The viscosity of the air is calculated from Sutherland’s law, Eq. (8-63); the result is μ = 1.452 × 10^{-5} kg/(m s). The mean free path of air molecules at these conditions is calculated from Eq. (8-65), which results in λ= 8.390 × 10^{-8} m (0.08390 μm). For this value of λ, the Knudsen number is Kn = 4.195 × 10^{-4} from Eq. (8-68), and from Eq. (8-69) the Cunningham slip factor is 1.001. The authors used Mathcad to solve the simultaneous equation set, Eq. (8-59) for c_D , Eq. (8-100) for v_t, and Eq. (8-101) for Re. The results are:

μ=μ_0(\frac{T}{T_0})^{1.5}(\frac{T_0+S}{T+S})    (8-63)

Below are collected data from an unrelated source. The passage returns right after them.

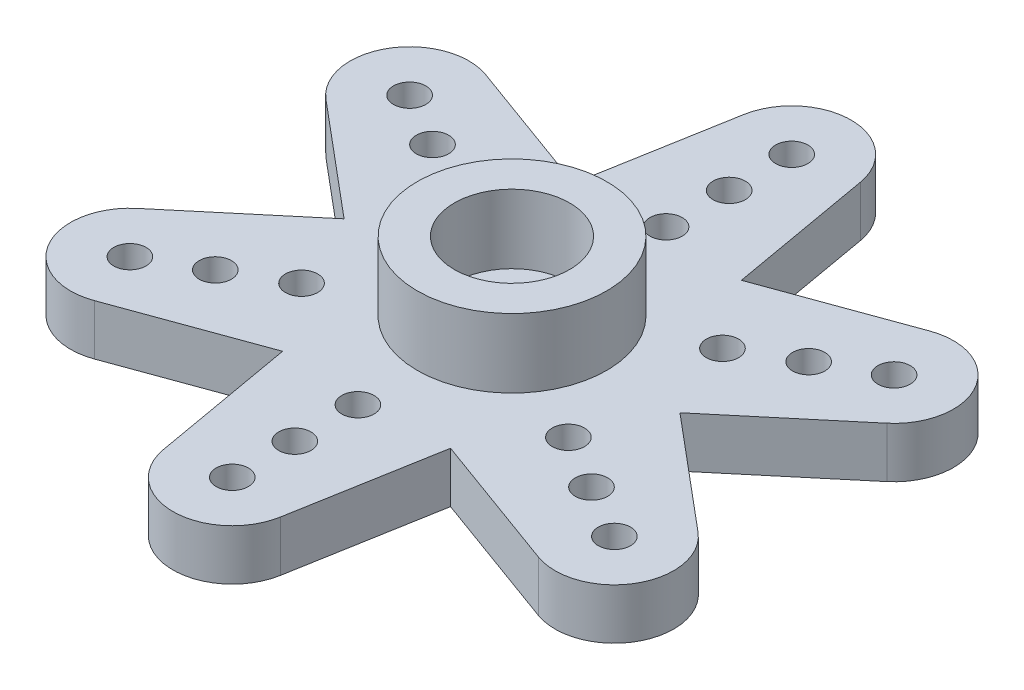
SolidWorks part; units mm, degrees
ref_plane "Front Plane" through (0, 0, 0) normal (0, 0, 1) x (1, 0, 0)
ref_plane "Top Plane" through (0, 0, 0) normal (0, 1, 0) x (1, 0, 0)
ref_plane "Right Plane" through (0, 0, 0) normal (1, 0, 0) x (0, 0, -1)
sketch "Sketch1" plane through (0, 0, 0) normal (0, 1, 0) x (1, 0, 0)
  circle A0 centre (0, 0) radius 15.75
  dimension "D1" = 31.5
extrude "Boss-Extrude1" add sketch "Sketch1" along normal blind 2.35
sketch "Sketch2" plane through (0, 2.35, 0) normal (0, 1, 0) x (1, 0, 0)
  line L0 (0, 0) -> (0, 50000) construction
  line L1 (0, 0) -> (-43301.2702, 25000) construction
  line L2 (0, 0) -> (-25000, 43301.2702) construction
  line L3 (-3.9, 6.755) -> (8678.5089, 49247.1426) construction
  line L4 (-3.9, 6.755) -> (-46988.531, 17107.7622) construction
  line L5 (-3.9, 6.755) -> (-2.7157, 13.4712)
  line L6 (0, 15.75) -> (0, 13.7424)
  line L7 (0, 12.2424) -> (0, 10.8376)
  line L8 (0, 9.3376) -> (0, 7.9061)
  line L11 (-3.9, 6.755) -> (-46988.531, 17107.7622) construction
  line L12 (0, 0) -> (-43301.2702, 25000) construction
  line L13 (-5.5478, 3.203) -> (0, 0)
  line L14 (-8.0866, 4.6688) -> (-6.8469, 3.953)
  line L15 (-10.6022, 6.1212) -> (-9.3856, 5.4188)
  line L16 (-13.6399, 7.875) -> (-11.9012, 6.8712)
  line L17 (-3.9, 6.755) -> (-10.3085, 9.0875)
  line L18 (3.9, 6.755) -> (10.3085, 9.0875)
  line L19 (3.9, 6.755) -> (2.7157, 13.4712)
  line L20 (0, 15.75) -> (0, 13.7424)
  line L21 (0, 12.2424) -> (0, 10.8376)
  line L22 (0, 9.3376) -> (0, 7.9061)
  line L23 (0, 6.4061) -> (0, 0)
  line L24 (5.5478, 3.203) -> (0, 0)
  line L25 (8.0866, 4.6688) -> (6.8469, 3.953)
  line L26 (10.6022, 6.1212) -> (9.3856, 5.4188)
  line L27 (13.6399, 7.875) -> (11.9012, 6.8712)
  line L28 (7.8, 0) -> (13.0243, -4.3837)
  line L29 (7.8, 0) -> (13.0243, 4.3837)
  line L30 (13.6399, 7.875) -> (11.9012, 6.8712)
  line L31 (10.6022, 6.1212) -> (9.3856, 5.4188)
  line L32 (8.0866, 4.6688) -> (6.8469, 3.953)
  line L33 (5.5478, 3.203) -> (0, 0)
  line L34 (5.5478, -3.203) -> (0, 0)
  line L35 (8.0866, -4.6688) -> (6.8469, -3.953)
  line L36 (10.6022, -6.1212) -> (9.3856, -5.4188)
  line L37 (13.6399, -7.875) -> (11.9012, -6.8712)
  line L38 (3.9, -6.755) -> (2.7157, -13.4712)
  line L39 (3.9, -6.755) -> (10.3085, -9.0875)
  line L40 (13.6399, -7.875) -> (11.9012, -6.8712)
  line L41 (10.6022, -6.1212) -> (9.3856, -5.4188)
  line L42 (8.0866, -4.6688) -> (6.8469, -3.953)
  line L43 (5.5478, -3.203) -> (0, 0)
  line L44 (0, -6.4061) -> (0, 0)
  line L45 (0, -9.3376) -> (0, -7.9061)
  line L46 (0, -12.2424) -> (0, -10.8376)
  line L47 (0, -15.75) -> (0, -13.7424)
  line L48 (-3.9, -6.755) -> (-10.3085, -9.0875)
  line L49 (-3.9, -6.755) -> (-2.7157, -13.4712)
  line L50 (0, -15.75) -> (0, -13.7424)
  line L51 (0, -12.2424) -> (0, -10.8376)
  line L52 (0, -9.3376) -> (0, -7.9061)
  line L53 (0, -6.4061) -> (0, 0)
  line L54 (-5.5478, -3.203) -> (0, 0)
  line L55 (-8.0866, -4.6688) -> (-6.8469, -3.953)
  line L56 (-10.6022, -6.1212) -> (-9.3856, -5.4188)
  line L57 (-13.6399, -7.875) -> (-11.9012, -6.8712)
  line L58 (-7.8, 0) -> (-13.0243, 4.3837)
  line L59 (-7.8, 0) -> (-13.0243, -4.3837)
  line L60 (-13.6399, -7.875) -> (-11.9012, -6.8712)
  line L61 (-10.6022, -6.1212) -> (-9.3856, -5.4188)
  line L62 (-8.0866, -4.6688) -> (-6.8469, -3.953)
  line L63 (-5.5478, -3.203) -> (0, 0)
  line L64 (-5.5478, 3.203) -> (0, 0)
  line L65 (-8.0866, 4.6688) -> (-6.8469, 3.953)
  line L66 (-10.6022, 6.1212) -> (-9.3856, 5.4188)
  line L67 (-13.6399, 7.875) -> (-11.9012, 6.8712)
  arc A0 (0, 15.75) -> (-2.7157, 13.4712) centre (0, 12.9924) ccw
  circle A1 centre (0, 0) radius 15.75 construction
  arc A2 (0, 13.7424) -> (0, 12.2424) centre (0, 12.9924) ccw
  arc A3 (0, 10.8376) -> (0, 9.3376) centre (0, 10.0876) ccw
  arc A4 (0, 7.9061) -> (0, 6.4061) centre (0, 7.1561) ccw
  arc A5 (-6.8469, 3.953) -> (-5.5478, 3.203) centre (-6.1974, 3.578) cw
  arc A6 (-9.3856, 5.4188) -> (-8.0866, 4.6688) centre (-8.7361, 5.0438) cw
  arc A7 (-11.9012, 6.8712) -> (-10.6022, 6.1212) centre (-11.2517, 6.4962) cw
  arc A8 (-13.6399, 7.875) -> (-10.3085, 9.0875) centre (-11.2517, 6.4962) cw
  arc A9 (0, 15.75) -> (2.7157, 13.4712) centre (0, 12.9924) cw
  arc A10 (0, 13.7424) -> (0, 12.2424) centre (0, 12.9924) cw
  arc A11 (0, 10.8376) -> (0, 9.3376) centre (0, 10.0876) cw
  arc A12 (0, 7.9061) -> (0, 6.4061) centre (0, 7.1561) cw
  arc A13 (6.8469, 3.953) -> (5.5478, 3.203) centre (6.1974, 3.578) ccw
  arc A14 (9.3856, 5.4188) -> (8.0866, 4.6688) centre (8.7361, 5.0438) ccw
  arc A15 (11.9012, 6.8712) -> (10.6022, 6.1212) centre (11.2517, 6.4962) ccw
  arc A16 (13.6399, 7.875) -> (10.3085, 9.0875) centre (11.2517, 6.4962) ccw
  arc A17 (13.6399, 7.875) -> (13.0243, 4.3837) centre (11.2517, 6.4962) cw
  arc A18 (11.9012, 6.8712) -> (10.6022, 6.1212) centre (11.2517, 6.4962) cw
  arc A19 (9.3856, 5.4188) -> (8.0866, 4.6688) centre (8.7361, 5.0438) cw
  arc A20 (6.8469, 3.953) -> (5.5478, 3.203) centre (6.1974, 3.578) cw
  arc A21 (6.8469, -3.953) -> (5.5478, -3.203) centre (6.1974, -3.578) ccw
  arc A22 (9.3856, -5.4188) -> (8.0866, -4.6688) centre (8.7361, -5.0438) ccw
  arc A23 (11.9012, -6.8712) -> (10.6022, -6.1212) centre (11.2517, -6.4962) ccw
  arc A24 (13.6399, -7.875) -> (13.0243, -4.3837) centre (11.2517, -6.4962) ccw
  arc A25 (13.6399, -7.875) -> (10.3085, -9.0875) centre (11.2517, -6.4962) cw
  arc A26 (11.9012, -6.8712) -> (10.6022, -6.1212) centre (11.2517, -6.4962) cw
  arc A27 (9.3856, -5.4188) -> (8.0866, -4.6688) centre (8.7361, -5.0438) cw
  arc A28 (6.8469, -3.953) -> (5.5478, -3.203) centre (6.1974, -3.578) cw
  arc A29 (0, -7.9061) -> (0, -6.4061) centre (0, -7.1561) ccw
  arc A30 (0, -10.8376) -> (0, -9.3376) centre (0, -10.0876) ccw
  arc A31 (0, -13.7424) -> (0, -12.2424) centre (0, -12.9924) ccw
  arc A32 (0, -15.75) -> (2.7157, -13.4712) centre (0, -12.9924) ccw
  arc A33 (0, -15.75) -> (-2.7157, -13.4712) centre (0, -12.9924) cw
  arc A34 (0, -13.7424) -> (0, -12.2424) centre (0, -12.9924) cw
  arc A35 (0, -10.8376) -> (0, -9.3376) centre (0, -10.0876) cw
  arc A36 (0, -7.9061) -> (0, -6.4061) centre (0, -7.1561) cw
  arc A37 (-6.8469, -3.953) -> (-5.5478, -3.203) centre (-6.1974, -3.578) ccw
  arc A38 (-9.3856, -5.4188) -> (-8.0866, -4.6688) centre (-8.7361, -5.0438) ccw
  arc A39 (-11.9012, -6.8712) -> (-10.6022, -6.1212) centre (-11.2517, -6.4962) ccw
  arc A40 (-13.6399, -7.875) -> (-10.3085, -9.0875) centre (-11.2517, -6.4962) ccw
  arc A41 (-13.6399, -7.875) -> (-13.0243, -4.3837) centre (-11.2517, -6.4962) cw
  arc A42 (-11.9012, -6.8712) -> (-10.6022, -6.1212) centre (-11.2517, -6.4962) cw
  arc A43 (-9.3856, -5.4188) -> (-8.0866, -4.6688) centre (-8.7361, -5.0438) cw
  arc A44 (-6.8469, -3.953) -> (-5.5478, -3.203) centre (-6.1974, -3.578) cw
  arc A45 (-6.8469, 3.953) -> (-5.5478, 3.203) centre (-6.1974, 3.578) ccw
  arc A46 (-9.3856, 5.4188) -> (-8.0866, 4.6688) centre (-8.7361, 5.0438) ccw
  arc A47 (-11.9012, 6.8712) -> (-10.6022, 6.1212) centre (-11.2517, 6.4962) ccw
  arc A48 (-13.6399, 7.875) -> (-13.0243, 4.3837) centre (-11.2517, 6.4962) ccw
  point P9 (-3.9, 6.755)
  point P161 (0, 0)
  circle M16 centre (0, 0) radius 15.75
  dimension "D6" = 1.5
  dimension "D1" = 60
  dimension "D2" = 30
  dimension "D3" = 40
  dimension "D4" = 40
  dimension "D5" = 7.8
extrude "Cut-Extrude2" cut sketch "Sketch2" against normal blind 2.35 contours A42 A39 | A43 A38 | A44 A37 | A7 A47 | A6 A46 | A5 A45 | A10 A2 | A12 A4 | A11 A3 | A20 A13 | A19 A14 | A18 A15 | A28 A21 | A27 A22 | A26 A23 | A36 A29 | A35 A30 | A34 A31 | A40 A33 L49 L48 M16 | A48 A41 L59 L58 M16 | A8 L17 L5 A0 M16 | A16 A9 L19 L18 M16 | A24 A17 L29 L28 M16 | A32 A25 L39 L38 M16
sketch "Sketch3" plane through (0, 2.35, 0) normal (0, 1, 0) x (1, 0, 0)
  circle A0 centre (0, 0) radius 4.4
  circle A1 centre (0, 0) radius 2.68
  dimension "D1" = 1.72
extrude "Boss-Extrude2" add sketch "Sketch3" along normal blind 3.2
sketch "Sketch4" plane through (0, 2.35, 0) normal (0, 1, 0) x (1, 0, 0)
  circle A0 centre (0, 0) radius 1.5
extrude "Cut-Extrude3" cut sketch "Sketch4" against normal through all

λ=\frac{\frac{μ}{0.499}\sqrt{\frac{\pi}{8}}}{\sqrt{ρp}}    (8-65)

Kn=\frac{λ}{D_p}    (8-68)

C=1+Kn[2.514+0.80exp(-\frac{0.55}{Kn})]    (8-69)

c_D=0.4+\frac{24}{Re}+\frac{6}{1+\sqrt{Re}}    (8-59)

v_t=\sqrt{\frac{4}{3}\frac{(ρ_p-ρ)}{ρ}\frac{D_pgC}{c_D}}   (8-100)

Re=\frac{ρD_pv_t}{μ}   (8-101)

Re = 18.1
c_D = 2.87

and

v_t=1.53\frac{m}{s}

The Mathcad program that solves these equations is available on the book’s web site.

Discussion: This terminal velocity is valid only at the given altitude; v_t changes as the particle falls to lower altitudes.